3.1  Task 1: Extend and refine infrastructure for data collection and analysis

Figure 1: Our infrastructure for data collection and analysis. Portions in red denote components to be developed and
integrated as part of this proposal, whereas components deployed within previous or ongoing synergistic projects are in blue.

Figure 1 illustrates the main components of our existing and proposed infrastructure for data collection and analysis of interception activity. Existing software and hardware components of the architecture are colored blue. We propose to develop and integrate the components colored red in the figure, whose functionality we describe in more detail in Section 3.2.

  1. Collection and preprocessing of BGP feeds. We will process BGP measurements collected by three distinct BGP data collection projects that publish at different latencies:
    • Routeviews [36]: 329 peers; typically less than 20 minutes latency;

    • RIPE RIS [32]: 209 peers; latency varies between 10 minutes and 2 hours;

    • BGPmon [38]: 60 peers (almost entirely overlapping with Routeviews); live stream of BGP updates, few seconds of latency.

    We (CAIDA) have deployed functionality to continuously collect and process BGP feeds from these three sources (blue box on left of Figure 1) as part of an existing SaTC project to detect large-scale Internet outages ("SaTC:TTP Detection and Analysis of Large-Scale Internet Infrastructure Outages", CNS-1228994, Sep 2012 - Aug 2015, Claffy and Dainotti) [39]. We also developed and deployed a software framework (libbgpstream) [39] to transparently collect and simultaneously process heterogeneous BGP feeds, and provide a uniform layer to access the data. This flexibility will help us evaluate how the trade-off between BGP monitoring latency and coverage impact our methodology.

  2. BGP monitoring: extraction of metrics and anomaly detection. In this task, we will add software modules to (i) extract specific metrics from BGP feeds (e.g., number of prefixes advertised per AS) and (ii) monitor them for anomalies that may be related to suspicious events (Section 3.2.1).

    Figure 2: As of November 2013, there are 83 Ark monitors in 36 countries.

  3. Archipelago (Ark) active measurement infrastructure. Ark [40] is CAIDA's active measurement infrastructure [41] running software that enables it to operate many active monitors as a coordinated secure measurement platform. Figure 2 depicts the 83 Ark monitors currently deployed.

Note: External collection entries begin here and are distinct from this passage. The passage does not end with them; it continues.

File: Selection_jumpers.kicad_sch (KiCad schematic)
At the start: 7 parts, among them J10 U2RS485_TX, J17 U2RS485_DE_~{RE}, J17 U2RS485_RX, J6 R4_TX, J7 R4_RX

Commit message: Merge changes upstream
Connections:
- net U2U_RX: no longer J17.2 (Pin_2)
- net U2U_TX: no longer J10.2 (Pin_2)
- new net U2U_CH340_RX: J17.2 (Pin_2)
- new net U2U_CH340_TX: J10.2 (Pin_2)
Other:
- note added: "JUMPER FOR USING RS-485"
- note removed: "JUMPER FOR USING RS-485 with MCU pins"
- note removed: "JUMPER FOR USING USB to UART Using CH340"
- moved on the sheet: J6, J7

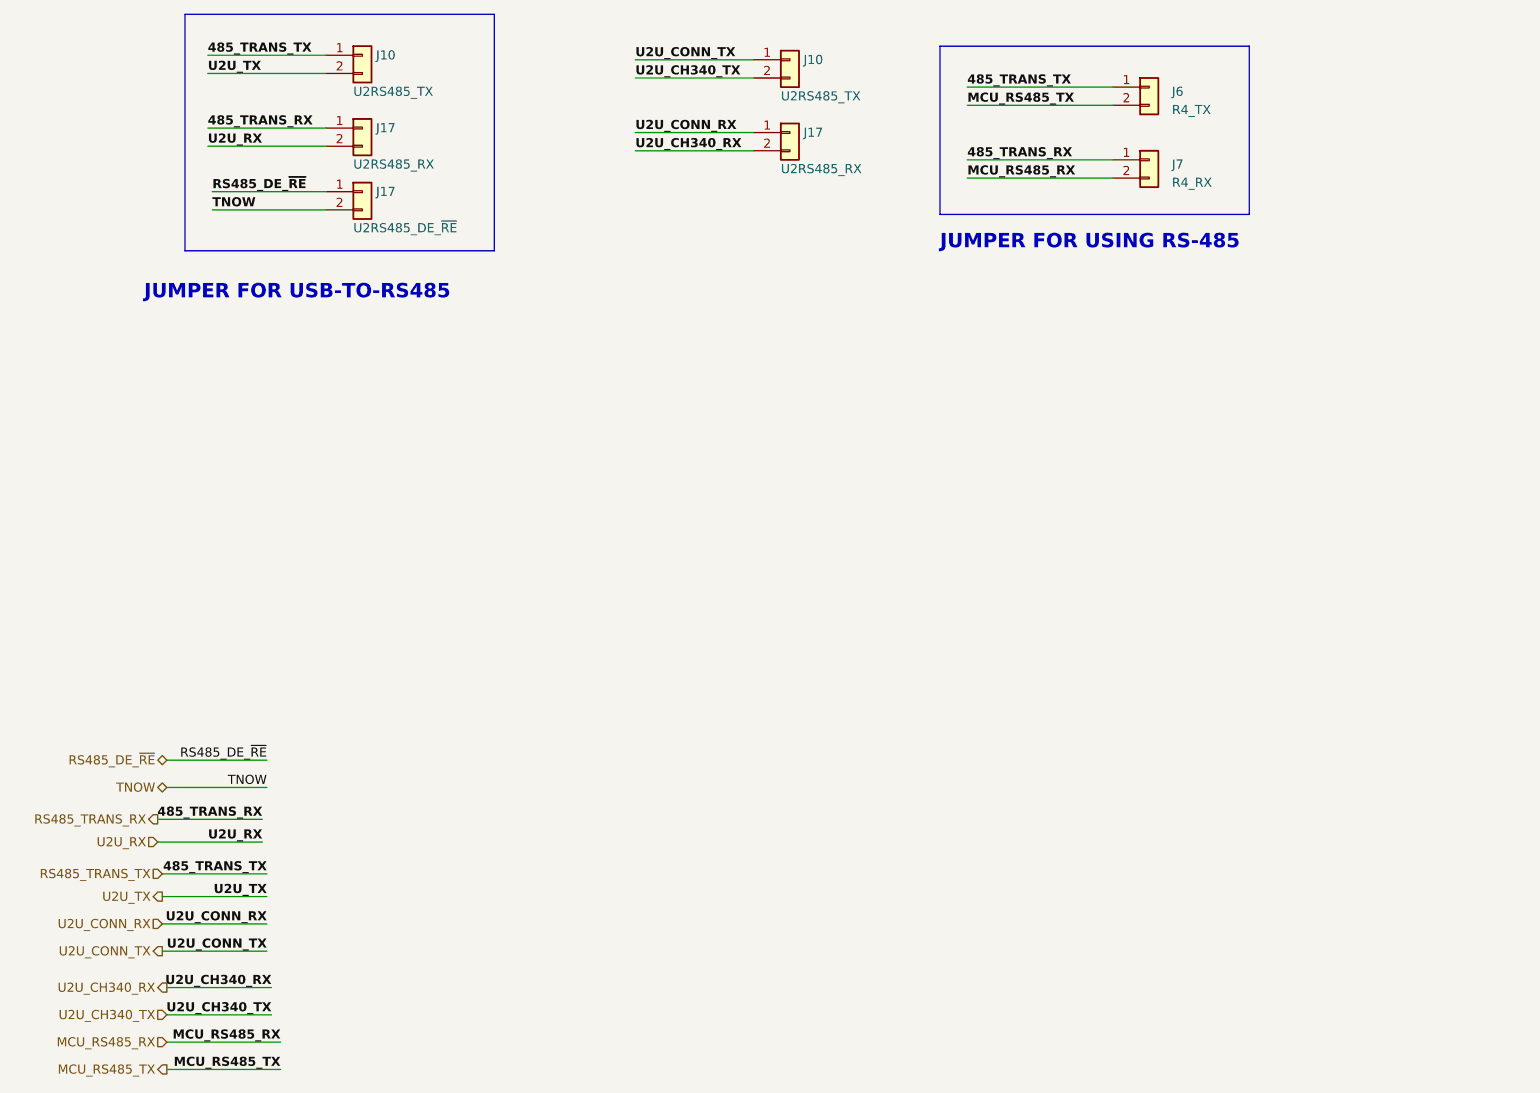
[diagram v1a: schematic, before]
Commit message: Completed routing for all GPIO pins
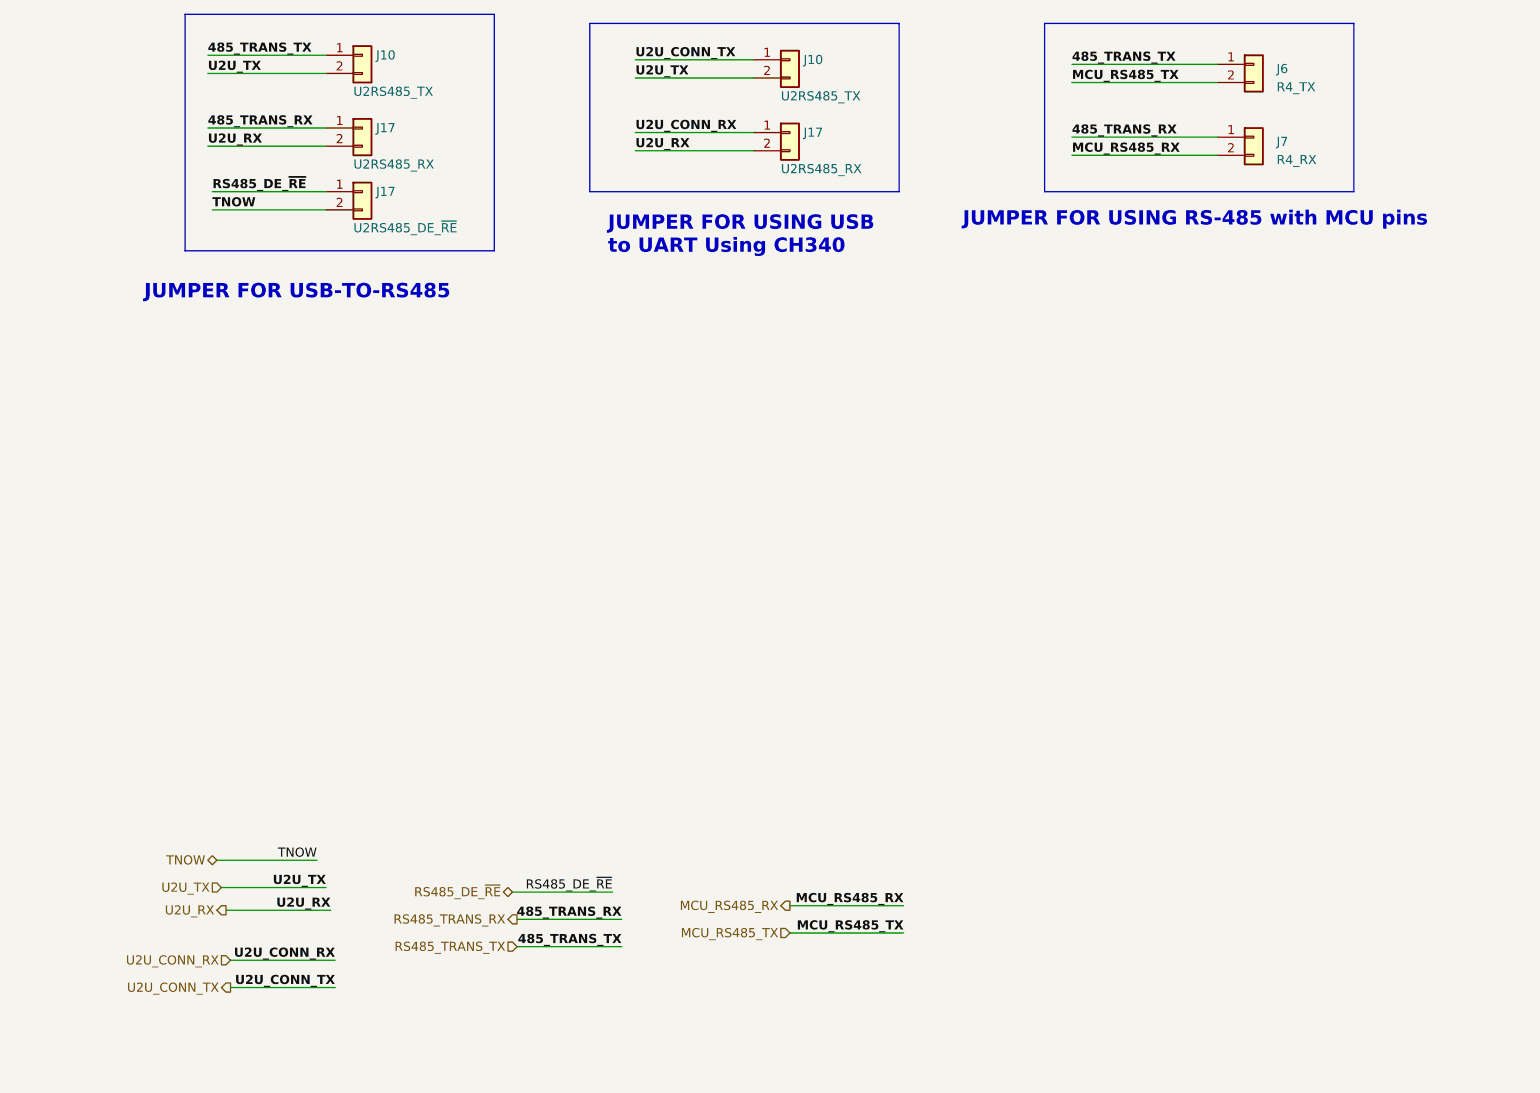
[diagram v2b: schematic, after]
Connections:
- net U2U_CH340_RX is gone; now on net U2U_RX: J17.2 (Pin_2)
- net U2U_CH340_TX is gone; now on net U2U_TX: J10.2 (Pin_2)
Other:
- note added: "JUMPER FOR USING RS-485 with MCU pins"
- note added: "JUMPER FOR USING USB to UART Using CH340"
- note removed: "JUMPER FOR USING RS-485"
- moved on the sheet: J6, J7

Ark supports rapid prototyping by promoting software development at a high-level of abstraction using dynamic scripting languages and pre-built APIs and services. It uses Ruby [42] for measurements and related libraries, and to control measurement modules, including scamper  [43], a flexible active measurement tool supporting ping and several traceroute variants (TCP, UDP, and ICMP, and Paris [44]). Ark also supports decentralized measurement processes executing autonomously at each monitor and communicating as needed, for example, to trigger further measurements or analyses based on observed events.

    We will use Ark's APIs and services to implement logic for conducting targeted active measurements when suspicious events occur. We will also coordinate with other Ark's funded activities in order to deploy additional Ark monitors in locations that are beneficial to our methodology. For example, Ark monitors located within ASes that peer with either Routeviews or RIPE RIS can support systematic comparison of data-plane (traceroute-measured) AS paths with (control-plane) BGP AS paths. (Ark currently has 26 monitors located within ASes that peer with either Routeviews or RIPE RIS).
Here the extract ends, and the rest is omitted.